I'd love to see you record your steps and processing for a tutorial. There are tons of screen capture softwares you can download for free!!!


----------



## Steve5D

Could you number them? It would make it a lot easier to comment on them.

In the first one, what's the red and blue (and maybe even green) atop the wall on the right side of the gate?

The one with the piano is exceptional...


----------



## JRE313

yea do a tutorial!!!


----------



## RichardH

I think you did a fantastic job on these. I am looking more and more at HDR and I like the looks of it. Now if I can get my D90 set up to do the exposures, I am going to try some.

Good job.

Richard


----------



## pgriz

Very nice images.  I'll echo others:  would love to see your workflow and get an idea of the processing.

However, in a number of them, there are faint circular whitish spots in the image.  Are these "dust" or retouching efforts?  As well, in the organ shot, there appears to be a purplish flare in mid-field.  Was that an artifact of processing?


----------



## JRE313

VIP
I think I understand your new workflow and I will try to Mimic this on a church that I did in Brazil. I will process it and post it later today.
Hope you will enjoy!! I will add my own twist to it though


----------



## unpopular

Ok VIP. These are WAY over the top good. If these are indicative of your current quality, you've FAR, FAR, FAR surpassed about anyone I can think of in HDR, including the well-respected "experts". I think there is some minor composition details to hammer out still, but my god, man, your technique is just fantastic.


----------



## CaboWabo

As I said in the other wait till you get a load of the pipe organ just killer stuff !!!!!!


----------



## Designer

A truly exceptional set!  Congratulations!


----------



## PlanetStarbucks

You know why I love photography?  It's because everytime I think I know about some technique someone comes along and blows it all away.  In the words of the immortal Ali G:  "Respek"


----------



## Demers18

That really is a fantastic set! Nice work!

I really like how you were able to keep the look realistic. 
I've been playing around with HDR lately and I only hope that I can produce images with type of execution.


----------



## HughGuessWho

The figurine is amazing. I don't think you could take a digital image that could look any more life like.


----------



## Trever1t

A good church really is perfect for HDR, there's just so much detail and the process seems to give it all a life of it's own. I concur with all the above, there are very very well down, my hat's off to you!


----------



## vipgraphx

Thanks to all of you for the positive feedback! 

The spots are from the glare of the window. The processing enhances them.

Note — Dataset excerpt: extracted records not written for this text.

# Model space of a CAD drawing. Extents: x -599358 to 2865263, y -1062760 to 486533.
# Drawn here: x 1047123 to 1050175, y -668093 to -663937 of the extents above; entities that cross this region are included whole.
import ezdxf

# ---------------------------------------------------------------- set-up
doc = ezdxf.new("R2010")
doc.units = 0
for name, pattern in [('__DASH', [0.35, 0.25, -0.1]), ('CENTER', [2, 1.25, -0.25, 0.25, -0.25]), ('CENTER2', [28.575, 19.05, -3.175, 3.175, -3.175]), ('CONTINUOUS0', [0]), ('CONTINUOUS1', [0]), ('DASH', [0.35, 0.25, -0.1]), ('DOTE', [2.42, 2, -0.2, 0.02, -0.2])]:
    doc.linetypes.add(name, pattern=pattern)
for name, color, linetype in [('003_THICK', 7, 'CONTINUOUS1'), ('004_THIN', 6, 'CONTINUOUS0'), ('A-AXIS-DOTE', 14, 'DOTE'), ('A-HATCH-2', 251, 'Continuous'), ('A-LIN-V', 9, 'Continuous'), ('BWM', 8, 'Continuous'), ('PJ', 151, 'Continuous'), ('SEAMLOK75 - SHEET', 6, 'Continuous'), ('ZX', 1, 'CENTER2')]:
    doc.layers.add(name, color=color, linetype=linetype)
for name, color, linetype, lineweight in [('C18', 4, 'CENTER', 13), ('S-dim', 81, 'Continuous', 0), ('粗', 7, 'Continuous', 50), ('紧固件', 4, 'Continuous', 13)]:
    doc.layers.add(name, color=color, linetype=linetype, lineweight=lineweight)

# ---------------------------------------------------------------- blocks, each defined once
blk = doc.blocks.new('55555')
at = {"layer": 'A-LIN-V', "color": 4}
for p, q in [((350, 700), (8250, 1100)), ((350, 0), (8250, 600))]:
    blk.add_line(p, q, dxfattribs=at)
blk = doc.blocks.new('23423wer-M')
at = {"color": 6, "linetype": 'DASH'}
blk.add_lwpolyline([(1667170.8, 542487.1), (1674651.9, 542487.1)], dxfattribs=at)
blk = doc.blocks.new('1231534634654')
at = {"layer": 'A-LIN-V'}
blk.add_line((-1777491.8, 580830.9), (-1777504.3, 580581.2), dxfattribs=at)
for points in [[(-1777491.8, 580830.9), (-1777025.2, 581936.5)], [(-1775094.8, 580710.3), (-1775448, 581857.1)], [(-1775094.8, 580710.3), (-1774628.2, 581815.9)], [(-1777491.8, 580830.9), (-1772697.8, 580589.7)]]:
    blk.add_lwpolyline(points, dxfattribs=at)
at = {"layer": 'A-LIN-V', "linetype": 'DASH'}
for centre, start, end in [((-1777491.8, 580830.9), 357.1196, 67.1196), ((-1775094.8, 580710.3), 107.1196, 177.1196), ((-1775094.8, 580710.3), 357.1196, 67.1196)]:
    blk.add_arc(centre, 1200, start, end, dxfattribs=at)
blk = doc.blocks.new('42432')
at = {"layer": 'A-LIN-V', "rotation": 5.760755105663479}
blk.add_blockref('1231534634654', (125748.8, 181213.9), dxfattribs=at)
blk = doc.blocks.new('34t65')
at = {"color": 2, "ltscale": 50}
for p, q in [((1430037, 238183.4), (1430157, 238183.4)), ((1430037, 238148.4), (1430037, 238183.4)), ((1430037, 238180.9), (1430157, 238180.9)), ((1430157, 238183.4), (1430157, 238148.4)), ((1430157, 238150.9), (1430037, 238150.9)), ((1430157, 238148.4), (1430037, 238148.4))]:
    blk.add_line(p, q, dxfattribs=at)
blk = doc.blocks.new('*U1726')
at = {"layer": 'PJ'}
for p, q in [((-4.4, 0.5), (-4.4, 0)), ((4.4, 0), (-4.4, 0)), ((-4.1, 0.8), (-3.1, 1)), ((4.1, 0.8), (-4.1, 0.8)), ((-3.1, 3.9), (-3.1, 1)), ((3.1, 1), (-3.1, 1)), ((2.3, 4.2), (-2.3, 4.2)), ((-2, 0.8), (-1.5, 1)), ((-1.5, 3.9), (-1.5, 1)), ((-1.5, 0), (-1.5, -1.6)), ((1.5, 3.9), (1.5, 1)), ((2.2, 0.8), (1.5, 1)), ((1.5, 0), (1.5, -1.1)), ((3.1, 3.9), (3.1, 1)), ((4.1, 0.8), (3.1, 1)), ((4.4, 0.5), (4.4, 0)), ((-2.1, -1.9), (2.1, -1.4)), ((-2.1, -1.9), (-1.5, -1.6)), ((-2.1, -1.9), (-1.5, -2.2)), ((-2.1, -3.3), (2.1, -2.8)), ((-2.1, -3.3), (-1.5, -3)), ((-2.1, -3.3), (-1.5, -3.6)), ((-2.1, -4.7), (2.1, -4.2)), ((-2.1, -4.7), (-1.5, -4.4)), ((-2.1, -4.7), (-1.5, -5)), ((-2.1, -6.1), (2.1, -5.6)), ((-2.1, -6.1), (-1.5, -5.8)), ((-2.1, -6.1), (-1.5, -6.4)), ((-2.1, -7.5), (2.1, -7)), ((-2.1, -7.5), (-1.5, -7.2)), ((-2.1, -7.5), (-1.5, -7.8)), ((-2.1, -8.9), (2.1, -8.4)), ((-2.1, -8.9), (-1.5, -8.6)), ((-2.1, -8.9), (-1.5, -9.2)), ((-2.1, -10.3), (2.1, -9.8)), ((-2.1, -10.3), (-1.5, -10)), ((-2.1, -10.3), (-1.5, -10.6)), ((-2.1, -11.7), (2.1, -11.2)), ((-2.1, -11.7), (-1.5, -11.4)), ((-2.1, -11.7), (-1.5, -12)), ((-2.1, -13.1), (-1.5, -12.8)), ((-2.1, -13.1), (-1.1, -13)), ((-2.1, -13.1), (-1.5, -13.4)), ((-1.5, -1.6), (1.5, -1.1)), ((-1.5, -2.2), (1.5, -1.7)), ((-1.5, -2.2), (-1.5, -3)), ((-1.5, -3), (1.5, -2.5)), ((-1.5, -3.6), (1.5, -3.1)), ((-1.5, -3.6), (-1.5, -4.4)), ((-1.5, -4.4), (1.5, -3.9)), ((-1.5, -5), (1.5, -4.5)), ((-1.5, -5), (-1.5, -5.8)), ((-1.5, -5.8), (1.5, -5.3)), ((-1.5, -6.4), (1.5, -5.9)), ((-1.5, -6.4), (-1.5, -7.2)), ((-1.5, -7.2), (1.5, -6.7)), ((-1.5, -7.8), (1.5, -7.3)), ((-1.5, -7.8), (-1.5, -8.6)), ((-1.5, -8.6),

They are in the single raw images as well. I am not sure WHY I had so much to be honest with as I am using the NIkon 14-24 with nano coat which is supposed to reduce flare but I guess at the right angles it is impossible. That is just my guess.

This new work flow is something that just happened through trial and error tweaking the sliders and seeing how it effected every part of the image. HDR can really produce life like imagery thats for sure.

If I get some time I will try to see about doing a tutorial again as I would love to help out anyone who wants to try new things.

Cheers and thanks again for the positive words!!


----------



## BigknockHawk

What processing software did you use for the HDR?


----------



## vipgraphx

Photomatix


----------



## vipgraphx

Here is another from the set




hall way cropped by VIPGraphX, on Flickr


----------



## vipgraphx

st phillips 4 by VIPGraphX, on Flickr




lilly pads cropped by VIPGraphX, on Flickr


----------



## Parker219

Nice^ Except the one lady looks like she just rolled around in dirt right before this picture was taken. That may be that she really just did, or the processing.


----------



## that1guy

really good! 1st one and piano are my favs!


----------



## Overread

Congratulations your photo has been nominated for photo of the month http://www.thephotoforum.com/forum/...ember-2012-photo-month-nomination-thread.html


----------



## Red_John

that's incredible. do you have a worflow to achieve such a great result?


----------



## jaguaraz

Man I always love your work.  That is the church in which I was baptized 56 years ago or so.....  Thanks for capturing it so beautifully.


----------



## LazyFrog60

Those pictures are absolutely fabulous!!  Love them all!!  I do love HDR and these are definately among the best I've seen!


----------



## The Barbarian

Splendid work.   I like the darkened mood of some of them.   Technically, as good as I've seen.


----------



## vipgraphx

Thanks again!! I really enjoyed processing this set.


----------



## KongKurs

Very very good, as always..

Hey VIP, do you use focus stacking to get the sharp focus in both fore- and background? If not, have you tried this?


----------



## _HH_

Really nice HDR ...


----------



## ceeboy14

The first HDR images I've seen that display what HDR is supposed to show instead of the over-burned, garish treatments I mostly see...Superb. Bravo!


----------